[Data extracted from a collection]
______

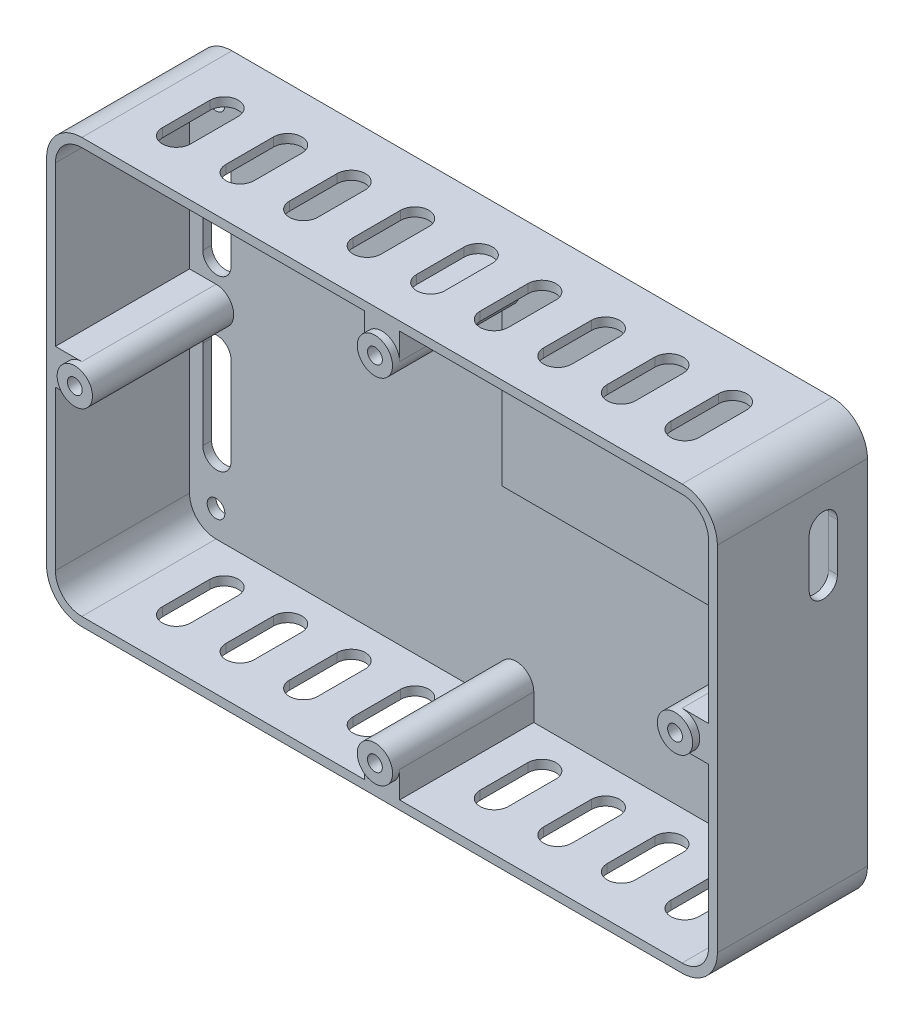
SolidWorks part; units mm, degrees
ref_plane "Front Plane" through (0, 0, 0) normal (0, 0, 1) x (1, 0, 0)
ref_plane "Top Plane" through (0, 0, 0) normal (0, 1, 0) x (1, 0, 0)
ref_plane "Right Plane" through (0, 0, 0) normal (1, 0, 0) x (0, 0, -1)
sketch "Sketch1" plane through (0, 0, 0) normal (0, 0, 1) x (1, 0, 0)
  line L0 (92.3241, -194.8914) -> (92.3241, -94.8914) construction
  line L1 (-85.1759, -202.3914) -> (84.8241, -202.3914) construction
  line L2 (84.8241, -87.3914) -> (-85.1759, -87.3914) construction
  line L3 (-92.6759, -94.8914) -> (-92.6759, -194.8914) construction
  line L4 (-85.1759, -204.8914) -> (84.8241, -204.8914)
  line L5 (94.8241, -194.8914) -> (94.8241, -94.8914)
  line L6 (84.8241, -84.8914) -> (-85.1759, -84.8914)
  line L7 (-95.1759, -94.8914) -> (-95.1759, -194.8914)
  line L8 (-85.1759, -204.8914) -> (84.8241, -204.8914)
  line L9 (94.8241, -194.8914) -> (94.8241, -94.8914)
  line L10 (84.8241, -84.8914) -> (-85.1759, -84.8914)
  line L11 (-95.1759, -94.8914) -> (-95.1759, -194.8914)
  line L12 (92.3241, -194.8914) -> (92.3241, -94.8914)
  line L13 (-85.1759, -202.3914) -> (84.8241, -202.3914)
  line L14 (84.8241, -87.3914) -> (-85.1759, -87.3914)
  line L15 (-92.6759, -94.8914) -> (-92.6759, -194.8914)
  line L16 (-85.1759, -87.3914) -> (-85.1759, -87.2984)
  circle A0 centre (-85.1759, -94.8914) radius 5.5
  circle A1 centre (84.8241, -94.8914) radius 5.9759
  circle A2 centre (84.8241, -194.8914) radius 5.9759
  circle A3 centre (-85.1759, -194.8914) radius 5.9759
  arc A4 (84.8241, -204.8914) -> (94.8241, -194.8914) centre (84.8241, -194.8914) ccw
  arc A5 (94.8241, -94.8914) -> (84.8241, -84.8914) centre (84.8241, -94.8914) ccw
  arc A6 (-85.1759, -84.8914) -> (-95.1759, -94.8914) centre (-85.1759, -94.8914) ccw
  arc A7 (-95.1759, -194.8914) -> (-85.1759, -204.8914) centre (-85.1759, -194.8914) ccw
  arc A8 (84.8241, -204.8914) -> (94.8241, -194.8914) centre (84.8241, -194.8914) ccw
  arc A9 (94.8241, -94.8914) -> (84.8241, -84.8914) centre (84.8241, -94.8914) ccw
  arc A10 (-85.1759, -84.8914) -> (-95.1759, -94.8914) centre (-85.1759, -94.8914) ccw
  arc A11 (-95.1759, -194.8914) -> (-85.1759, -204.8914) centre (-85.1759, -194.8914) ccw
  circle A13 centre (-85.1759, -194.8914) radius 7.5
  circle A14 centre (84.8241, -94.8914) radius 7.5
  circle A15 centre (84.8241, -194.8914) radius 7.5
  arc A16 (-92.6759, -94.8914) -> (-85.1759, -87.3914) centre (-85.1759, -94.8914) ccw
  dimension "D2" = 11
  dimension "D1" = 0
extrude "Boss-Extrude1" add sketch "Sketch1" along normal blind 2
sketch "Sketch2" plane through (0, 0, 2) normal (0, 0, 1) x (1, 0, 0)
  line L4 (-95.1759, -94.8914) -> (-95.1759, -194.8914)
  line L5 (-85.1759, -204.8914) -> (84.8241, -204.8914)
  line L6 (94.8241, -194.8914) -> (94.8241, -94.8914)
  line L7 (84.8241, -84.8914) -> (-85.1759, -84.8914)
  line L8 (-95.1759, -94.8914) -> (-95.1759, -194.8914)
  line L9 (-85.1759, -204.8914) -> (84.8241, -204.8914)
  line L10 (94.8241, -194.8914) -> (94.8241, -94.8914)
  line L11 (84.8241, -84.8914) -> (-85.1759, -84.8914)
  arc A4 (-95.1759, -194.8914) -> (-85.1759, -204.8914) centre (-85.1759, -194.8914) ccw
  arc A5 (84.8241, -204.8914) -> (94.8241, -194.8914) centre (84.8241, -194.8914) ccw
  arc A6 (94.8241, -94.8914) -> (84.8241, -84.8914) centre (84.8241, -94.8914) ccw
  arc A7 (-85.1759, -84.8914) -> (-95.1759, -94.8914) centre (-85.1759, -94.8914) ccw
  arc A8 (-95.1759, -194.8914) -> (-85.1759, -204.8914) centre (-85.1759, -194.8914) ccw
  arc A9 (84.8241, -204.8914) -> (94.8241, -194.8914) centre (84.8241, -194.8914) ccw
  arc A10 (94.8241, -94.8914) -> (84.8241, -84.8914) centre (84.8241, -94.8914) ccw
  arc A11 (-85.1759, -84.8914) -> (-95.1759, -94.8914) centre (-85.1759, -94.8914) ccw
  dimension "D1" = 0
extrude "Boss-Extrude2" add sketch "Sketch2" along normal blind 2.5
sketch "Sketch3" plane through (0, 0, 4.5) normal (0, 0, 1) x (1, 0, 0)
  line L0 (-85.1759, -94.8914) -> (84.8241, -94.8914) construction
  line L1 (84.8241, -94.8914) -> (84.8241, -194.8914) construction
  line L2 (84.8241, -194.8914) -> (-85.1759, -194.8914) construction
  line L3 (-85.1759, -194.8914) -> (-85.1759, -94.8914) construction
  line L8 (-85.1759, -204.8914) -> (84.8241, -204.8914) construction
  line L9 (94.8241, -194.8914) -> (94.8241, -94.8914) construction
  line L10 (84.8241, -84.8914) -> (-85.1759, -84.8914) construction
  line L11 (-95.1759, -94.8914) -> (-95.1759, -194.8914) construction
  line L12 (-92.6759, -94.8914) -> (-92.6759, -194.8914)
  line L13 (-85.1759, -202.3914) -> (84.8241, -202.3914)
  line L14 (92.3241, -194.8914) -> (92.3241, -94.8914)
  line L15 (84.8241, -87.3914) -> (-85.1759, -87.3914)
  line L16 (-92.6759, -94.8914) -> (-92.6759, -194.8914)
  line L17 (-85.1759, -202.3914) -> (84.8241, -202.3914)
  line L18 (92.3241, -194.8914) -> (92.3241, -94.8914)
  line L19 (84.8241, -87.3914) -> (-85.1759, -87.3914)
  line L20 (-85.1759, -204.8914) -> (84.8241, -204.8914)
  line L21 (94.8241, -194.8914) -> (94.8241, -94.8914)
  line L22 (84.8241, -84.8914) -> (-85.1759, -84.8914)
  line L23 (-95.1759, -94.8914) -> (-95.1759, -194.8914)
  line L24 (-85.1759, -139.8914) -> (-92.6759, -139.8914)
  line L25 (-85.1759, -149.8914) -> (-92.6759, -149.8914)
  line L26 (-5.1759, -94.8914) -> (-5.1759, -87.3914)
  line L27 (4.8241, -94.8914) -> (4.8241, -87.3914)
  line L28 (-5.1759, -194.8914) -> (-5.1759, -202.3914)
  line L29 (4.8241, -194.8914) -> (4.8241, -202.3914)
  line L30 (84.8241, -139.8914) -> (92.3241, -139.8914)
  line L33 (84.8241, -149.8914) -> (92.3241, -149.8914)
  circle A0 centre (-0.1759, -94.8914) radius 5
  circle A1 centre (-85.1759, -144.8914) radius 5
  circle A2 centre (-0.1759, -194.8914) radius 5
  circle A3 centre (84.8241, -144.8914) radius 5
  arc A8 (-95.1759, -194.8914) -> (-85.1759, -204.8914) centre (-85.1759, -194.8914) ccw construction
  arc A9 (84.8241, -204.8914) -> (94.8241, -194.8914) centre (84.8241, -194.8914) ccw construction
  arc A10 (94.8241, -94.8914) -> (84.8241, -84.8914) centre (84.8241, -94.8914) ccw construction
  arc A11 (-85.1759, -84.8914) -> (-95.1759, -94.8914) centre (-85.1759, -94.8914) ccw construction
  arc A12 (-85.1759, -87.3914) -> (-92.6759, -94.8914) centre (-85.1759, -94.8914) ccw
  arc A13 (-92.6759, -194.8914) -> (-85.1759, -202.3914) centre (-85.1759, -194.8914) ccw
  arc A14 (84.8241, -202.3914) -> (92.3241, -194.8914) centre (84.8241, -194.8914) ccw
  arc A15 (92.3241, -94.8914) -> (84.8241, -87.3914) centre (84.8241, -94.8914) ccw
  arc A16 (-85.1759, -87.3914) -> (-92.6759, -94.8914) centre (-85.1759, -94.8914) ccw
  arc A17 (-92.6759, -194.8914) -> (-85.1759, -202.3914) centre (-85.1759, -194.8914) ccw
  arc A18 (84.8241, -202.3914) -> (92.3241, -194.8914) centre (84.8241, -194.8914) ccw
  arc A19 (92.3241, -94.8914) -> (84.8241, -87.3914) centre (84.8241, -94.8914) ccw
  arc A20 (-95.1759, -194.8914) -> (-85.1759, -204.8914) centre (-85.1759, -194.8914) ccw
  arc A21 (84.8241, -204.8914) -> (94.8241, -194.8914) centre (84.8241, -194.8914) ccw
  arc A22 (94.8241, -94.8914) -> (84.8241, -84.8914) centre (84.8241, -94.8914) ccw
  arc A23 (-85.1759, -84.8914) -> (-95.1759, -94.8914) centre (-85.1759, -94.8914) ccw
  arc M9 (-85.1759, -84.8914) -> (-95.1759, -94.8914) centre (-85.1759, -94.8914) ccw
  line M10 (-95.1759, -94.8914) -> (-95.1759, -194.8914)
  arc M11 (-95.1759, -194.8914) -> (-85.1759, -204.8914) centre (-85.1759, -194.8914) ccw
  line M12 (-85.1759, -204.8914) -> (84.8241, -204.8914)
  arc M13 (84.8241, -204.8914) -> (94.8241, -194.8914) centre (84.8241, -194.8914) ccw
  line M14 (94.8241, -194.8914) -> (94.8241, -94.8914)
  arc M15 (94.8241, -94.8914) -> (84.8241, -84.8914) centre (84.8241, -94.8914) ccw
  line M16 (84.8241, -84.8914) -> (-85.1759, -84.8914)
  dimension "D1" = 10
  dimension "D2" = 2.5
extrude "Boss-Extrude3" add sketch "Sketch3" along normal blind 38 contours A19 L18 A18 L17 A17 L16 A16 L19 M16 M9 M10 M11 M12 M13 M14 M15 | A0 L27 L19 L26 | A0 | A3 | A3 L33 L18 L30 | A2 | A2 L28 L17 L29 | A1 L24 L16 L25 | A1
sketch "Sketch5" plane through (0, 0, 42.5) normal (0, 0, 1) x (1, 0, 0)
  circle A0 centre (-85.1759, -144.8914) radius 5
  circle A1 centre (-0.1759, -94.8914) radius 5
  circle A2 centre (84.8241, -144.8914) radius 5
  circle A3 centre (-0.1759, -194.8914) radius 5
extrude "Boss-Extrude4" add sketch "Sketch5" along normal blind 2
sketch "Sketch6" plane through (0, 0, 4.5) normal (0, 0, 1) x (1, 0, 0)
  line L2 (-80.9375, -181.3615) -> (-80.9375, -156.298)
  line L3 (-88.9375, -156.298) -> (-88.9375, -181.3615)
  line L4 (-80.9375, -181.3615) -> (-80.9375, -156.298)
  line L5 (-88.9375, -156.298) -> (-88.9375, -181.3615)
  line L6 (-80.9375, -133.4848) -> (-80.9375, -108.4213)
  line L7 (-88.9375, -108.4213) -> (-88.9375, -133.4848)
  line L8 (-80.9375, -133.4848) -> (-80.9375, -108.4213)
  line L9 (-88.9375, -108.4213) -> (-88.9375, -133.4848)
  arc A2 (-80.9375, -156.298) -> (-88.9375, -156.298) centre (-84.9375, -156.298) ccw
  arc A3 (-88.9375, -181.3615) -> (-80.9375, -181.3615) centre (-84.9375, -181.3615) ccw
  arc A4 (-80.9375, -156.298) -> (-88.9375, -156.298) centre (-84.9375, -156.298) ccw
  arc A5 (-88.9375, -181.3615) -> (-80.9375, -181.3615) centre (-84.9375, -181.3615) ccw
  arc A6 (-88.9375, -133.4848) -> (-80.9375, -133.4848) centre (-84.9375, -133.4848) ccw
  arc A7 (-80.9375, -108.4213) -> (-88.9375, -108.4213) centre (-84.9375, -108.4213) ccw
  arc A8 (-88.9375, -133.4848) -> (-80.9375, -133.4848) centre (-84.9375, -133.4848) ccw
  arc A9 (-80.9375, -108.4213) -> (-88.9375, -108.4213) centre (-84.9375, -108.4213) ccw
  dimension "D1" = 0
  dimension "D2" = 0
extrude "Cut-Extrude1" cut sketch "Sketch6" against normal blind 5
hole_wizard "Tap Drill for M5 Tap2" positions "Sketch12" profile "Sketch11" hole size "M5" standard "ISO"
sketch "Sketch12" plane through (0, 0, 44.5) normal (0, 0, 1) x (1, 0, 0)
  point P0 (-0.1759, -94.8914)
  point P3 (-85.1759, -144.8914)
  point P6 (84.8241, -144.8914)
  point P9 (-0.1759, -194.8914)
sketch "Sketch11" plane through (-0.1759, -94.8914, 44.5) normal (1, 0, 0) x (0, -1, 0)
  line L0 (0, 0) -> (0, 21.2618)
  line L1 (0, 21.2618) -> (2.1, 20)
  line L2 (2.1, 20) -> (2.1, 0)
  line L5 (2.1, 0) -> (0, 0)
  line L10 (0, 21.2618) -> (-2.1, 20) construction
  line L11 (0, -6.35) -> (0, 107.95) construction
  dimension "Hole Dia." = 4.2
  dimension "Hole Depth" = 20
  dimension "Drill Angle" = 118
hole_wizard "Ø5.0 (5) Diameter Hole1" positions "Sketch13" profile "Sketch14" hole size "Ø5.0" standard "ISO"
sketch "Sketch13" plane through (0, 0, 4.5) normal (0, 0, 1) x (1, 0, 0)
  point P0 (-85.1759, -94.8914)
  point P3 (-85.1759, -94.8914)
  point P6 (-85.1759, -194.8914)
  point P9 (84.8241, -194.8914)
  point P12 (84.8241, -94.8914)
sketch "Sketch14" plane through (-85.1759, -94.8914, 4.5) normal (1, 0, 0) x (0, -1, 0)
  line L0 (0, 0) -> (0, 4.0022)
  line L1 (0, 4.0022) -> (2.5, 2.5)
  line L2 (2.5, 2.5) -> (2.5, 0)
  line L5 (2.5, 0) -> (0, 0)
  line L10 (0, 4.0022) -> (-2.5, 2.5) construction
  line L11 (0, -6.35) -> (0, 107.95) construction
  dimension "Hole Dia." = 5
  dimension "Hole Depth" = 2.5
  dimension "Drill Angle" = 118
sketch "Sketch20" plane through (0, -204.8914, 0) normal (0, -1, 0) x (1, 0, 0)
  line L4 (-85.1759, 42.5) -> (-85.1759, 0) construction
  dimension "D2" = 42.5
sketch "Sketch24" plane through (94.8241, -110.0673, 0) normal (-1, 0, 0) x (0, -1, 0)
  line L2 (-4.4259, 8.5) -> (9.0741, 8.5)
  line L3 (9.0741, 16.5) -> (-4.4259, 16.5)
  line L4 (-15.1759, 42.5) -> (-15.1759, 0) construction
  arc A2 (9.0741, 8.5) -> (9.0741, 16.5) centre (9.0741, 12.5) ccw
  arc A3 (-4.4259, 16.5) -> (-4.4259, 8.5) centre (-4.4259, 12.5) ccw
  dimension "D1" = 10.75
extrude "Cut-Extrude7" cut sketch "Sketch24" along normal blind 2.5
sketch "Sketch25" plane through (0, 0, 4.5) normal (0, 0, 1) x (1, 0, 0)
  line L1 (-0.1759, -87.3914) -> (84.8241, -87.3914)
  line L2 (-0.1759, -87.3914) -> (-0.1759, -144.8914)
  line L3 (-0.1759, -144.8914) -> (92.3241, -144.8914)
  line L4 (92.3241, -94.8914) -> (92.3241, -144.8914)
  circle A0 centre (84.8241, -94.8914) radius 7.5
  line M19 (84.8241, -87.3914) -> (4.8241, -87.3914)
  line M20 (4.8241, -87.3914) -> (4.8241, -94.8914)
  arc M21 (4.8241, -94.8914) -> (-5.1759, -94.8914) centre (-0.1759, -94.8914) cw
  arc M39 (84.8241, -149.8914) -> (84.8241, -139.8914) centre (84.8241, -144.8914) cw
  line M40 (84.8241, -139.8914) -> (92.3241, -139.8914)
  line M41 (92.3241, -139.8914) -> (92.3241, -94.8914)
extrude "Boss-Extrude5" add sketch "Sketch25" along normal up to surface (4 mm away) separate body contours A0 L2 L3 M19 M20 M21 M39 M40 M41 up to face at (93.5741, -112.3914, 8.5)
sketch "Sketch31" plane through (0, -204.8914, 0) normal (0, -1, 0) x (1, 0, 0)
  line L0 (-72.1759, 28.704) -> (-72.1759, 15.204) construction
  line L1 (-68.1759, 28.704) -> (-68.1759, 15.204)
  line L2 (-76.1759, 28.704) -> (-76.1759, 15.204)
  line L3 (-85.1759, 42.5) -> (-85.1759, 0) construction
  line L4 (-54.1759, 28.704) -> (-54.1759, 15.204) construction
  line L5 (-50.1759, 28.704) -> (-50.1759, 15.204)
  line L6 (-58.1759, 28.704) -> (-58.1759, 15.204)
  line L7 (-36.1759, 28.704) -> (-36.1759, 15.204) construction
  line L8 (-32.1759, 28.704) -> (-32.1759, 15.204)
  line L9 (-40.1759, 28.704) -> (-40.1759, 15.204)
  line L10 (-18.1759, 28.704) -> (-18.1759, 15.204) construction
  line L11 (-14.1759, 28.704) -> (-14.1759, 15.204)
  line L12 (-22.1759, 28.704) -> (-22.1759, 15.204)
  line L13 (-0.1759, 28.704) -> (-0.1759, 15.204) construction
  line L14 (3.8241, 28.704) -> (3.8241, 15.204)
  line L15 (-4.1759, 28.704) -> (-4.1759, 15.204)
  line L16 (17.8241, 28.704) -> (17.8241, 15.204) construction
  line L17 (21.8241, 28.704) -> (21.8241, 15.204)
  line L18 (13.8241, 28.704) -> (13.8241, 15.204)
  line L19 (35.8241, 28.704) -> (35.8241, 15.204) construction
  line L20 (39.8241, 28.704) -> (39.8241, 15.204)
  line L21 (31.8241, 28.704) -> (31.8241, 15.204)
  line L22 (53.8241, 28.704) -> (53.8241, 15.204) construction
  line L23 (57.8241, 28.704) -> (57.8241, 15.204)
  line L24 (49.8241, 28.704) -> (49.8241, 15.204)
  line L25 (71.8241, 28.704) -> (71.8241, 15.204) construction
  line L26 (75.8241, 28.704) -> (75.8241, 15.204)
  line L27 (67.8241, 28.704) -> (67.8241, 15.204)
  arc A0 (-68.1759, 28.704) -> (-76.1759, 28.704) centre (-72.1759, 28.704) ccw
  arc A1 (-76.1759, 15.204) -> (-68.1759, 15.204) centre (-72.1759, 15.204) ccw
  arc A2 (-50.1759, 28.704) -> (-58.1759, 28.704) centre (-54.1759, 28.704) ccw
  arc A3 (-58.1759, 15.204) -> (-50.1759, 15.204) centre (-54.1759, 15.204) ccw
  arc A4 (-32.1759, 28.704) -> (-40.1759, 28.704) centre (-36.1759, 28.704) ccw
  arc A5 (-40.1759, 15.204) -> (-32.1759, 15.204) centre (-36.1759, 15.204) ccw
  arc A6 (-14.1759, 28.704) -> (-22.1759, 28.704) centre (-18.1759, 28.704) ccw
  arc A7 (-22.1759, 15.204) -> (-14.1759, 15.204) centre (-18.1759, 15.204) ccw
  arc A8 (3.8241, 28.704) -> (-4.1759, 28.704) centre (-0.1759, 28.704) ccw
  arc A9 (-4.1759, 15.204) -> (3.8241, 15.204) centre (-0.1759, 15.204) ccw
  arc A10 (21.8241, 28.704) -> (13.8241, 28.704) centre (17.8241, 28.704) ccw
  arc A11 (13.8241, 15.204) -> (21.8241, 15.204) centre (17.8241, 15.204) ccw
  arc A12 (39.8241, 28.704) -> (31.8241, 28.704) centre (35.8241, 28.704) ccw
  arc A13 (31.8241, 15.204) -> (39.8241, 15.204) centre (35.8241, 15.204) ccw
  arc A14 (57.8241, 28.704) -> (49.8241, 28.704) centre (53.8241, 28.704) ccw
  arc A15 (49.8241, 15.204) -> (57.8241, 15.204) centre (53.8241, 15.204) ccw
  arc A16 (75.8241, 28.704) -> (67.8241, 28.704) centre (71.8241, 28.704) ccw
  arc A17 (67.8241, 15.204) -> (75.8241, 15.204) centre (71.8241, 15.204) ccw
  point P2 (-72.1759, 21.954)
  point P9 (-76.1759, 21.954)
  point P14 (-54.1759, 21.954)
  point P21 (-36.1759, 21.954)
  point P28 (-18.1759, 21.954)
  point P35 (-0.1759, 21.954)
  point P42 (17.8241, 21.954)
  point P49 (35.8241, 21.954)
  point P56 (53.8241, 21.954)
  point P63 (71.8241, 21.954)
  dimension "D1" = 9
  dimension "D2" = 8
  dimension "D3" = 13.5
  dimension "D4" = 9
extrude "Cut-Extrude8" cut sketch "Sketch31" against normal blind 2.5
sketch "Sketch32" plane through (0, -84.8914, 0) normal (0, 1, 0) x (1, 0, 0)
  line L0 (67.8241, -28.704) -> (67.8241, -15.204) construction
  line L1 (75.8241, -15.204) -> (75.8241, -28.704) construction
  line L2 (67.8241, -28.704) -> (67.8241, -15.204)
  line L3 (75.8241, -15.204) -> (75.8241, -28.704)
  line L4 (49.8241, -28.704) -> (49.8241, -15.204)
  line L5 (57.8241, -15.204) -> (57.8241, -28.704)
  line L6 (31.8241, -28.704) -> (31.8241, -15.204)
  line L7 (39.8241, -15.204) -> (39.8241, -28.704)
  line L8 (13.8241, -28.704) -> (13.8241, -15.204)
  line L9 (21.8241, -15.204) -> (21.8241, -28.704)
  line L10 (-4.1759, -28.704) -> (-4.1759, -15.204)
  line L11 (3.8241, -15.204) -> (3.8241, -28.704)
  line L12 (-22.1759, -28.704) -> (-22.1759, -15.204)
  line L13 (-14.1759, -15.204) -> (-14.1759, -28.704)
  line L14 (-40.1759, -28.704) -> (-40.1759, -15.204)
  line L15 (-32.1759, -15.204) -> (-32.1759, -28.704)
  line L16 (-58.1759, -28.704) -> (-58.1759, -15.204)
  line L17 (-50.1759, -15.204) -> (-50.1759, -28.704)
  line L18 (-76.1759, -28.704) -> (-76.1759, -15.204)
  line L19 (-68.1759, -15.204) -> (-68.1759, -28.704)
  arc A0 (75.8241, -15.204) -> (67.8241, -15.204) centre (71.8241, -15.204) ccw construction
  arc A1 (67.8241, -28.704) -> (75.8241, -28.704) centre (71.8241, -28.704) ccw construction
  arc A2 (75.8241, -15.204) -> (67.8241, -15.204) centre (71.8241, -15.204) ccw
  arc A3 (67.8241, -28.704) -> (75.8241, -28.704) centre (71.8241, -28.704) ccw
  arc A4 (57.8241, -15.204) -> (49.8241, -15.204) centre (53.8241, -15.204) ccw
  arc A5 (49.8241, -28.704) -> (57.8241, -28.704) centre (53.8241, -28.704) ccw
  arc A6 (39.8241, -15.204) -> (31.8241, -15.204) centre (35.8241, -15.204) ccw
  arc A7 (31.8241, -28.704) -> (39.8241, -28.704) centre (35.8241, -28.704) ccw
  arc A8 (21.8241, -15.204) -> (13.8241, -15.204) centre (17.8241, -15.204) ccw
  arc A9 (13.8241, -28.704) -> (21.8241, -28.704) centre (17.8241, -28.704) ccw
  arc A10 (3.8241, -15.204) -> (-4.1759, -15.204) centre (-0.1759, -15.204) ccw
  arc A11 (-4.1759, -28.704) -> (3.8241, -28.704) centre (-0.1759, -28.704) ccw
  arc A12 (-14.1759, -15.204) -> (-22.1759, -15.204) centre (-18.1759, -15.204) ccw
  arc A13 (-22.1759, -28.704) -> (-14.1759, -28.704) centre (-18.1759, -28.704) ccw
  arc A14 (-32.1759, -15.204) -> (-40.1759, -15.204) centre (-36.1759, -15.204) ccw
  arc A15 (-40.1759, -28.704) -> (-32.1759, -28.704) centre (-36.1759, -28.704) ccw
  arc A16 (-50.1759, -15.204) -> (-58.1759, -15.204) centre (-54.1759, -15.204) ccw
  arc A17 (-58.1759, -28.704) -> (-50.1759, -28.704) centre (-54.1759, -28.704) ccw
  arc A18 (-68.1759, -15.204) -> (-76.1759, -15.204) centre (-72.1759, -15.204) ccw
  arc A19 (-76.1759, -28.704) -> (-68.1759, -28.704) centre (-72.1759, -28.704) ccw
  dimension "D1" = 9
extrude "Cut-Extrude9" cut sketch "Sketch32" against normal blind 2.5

______

**Your objective**
Return only the part of the records above that opens with the line containing "(93.5741, -112.3914, 8.5)" and closes with the line containing "line L6 (-58.1759, 28.704)", ends included.

**Response area**
extrude "Boss-Extrude5" add sketch "Sketch25" along normal up to surface (4 mm away) separate body contours A0 L2 L3 M19 M20 M21 M39 M40 M41 up to face at (93.5741, -112.3914, 8.5)
sketch "Sketch31" plane through (0, -204.8914, 0) normal (0, -1, 0) x (1, 0, 0)
  line L0 (-72.1759, 28.704) -> (-72.1759, 15.204) construction
  line L1 (-68.1759, 28.704) -> (-68.1759, 15.204)
  line L2 (-76.1759, 28.704) -> (-76.1759, 15.204)
  line L3 (-85.1759, 42.5) -> (-85.1759, 0) construction
  line L4 (-54.1759, 28.704) -> (-54.1759, 15.204) construction
  line L5 (-50.1759, 28.704) -> (-50.1759, 15.204)
  line L6 (-58.1759, 28.704) -> (-58.1759, 15.204)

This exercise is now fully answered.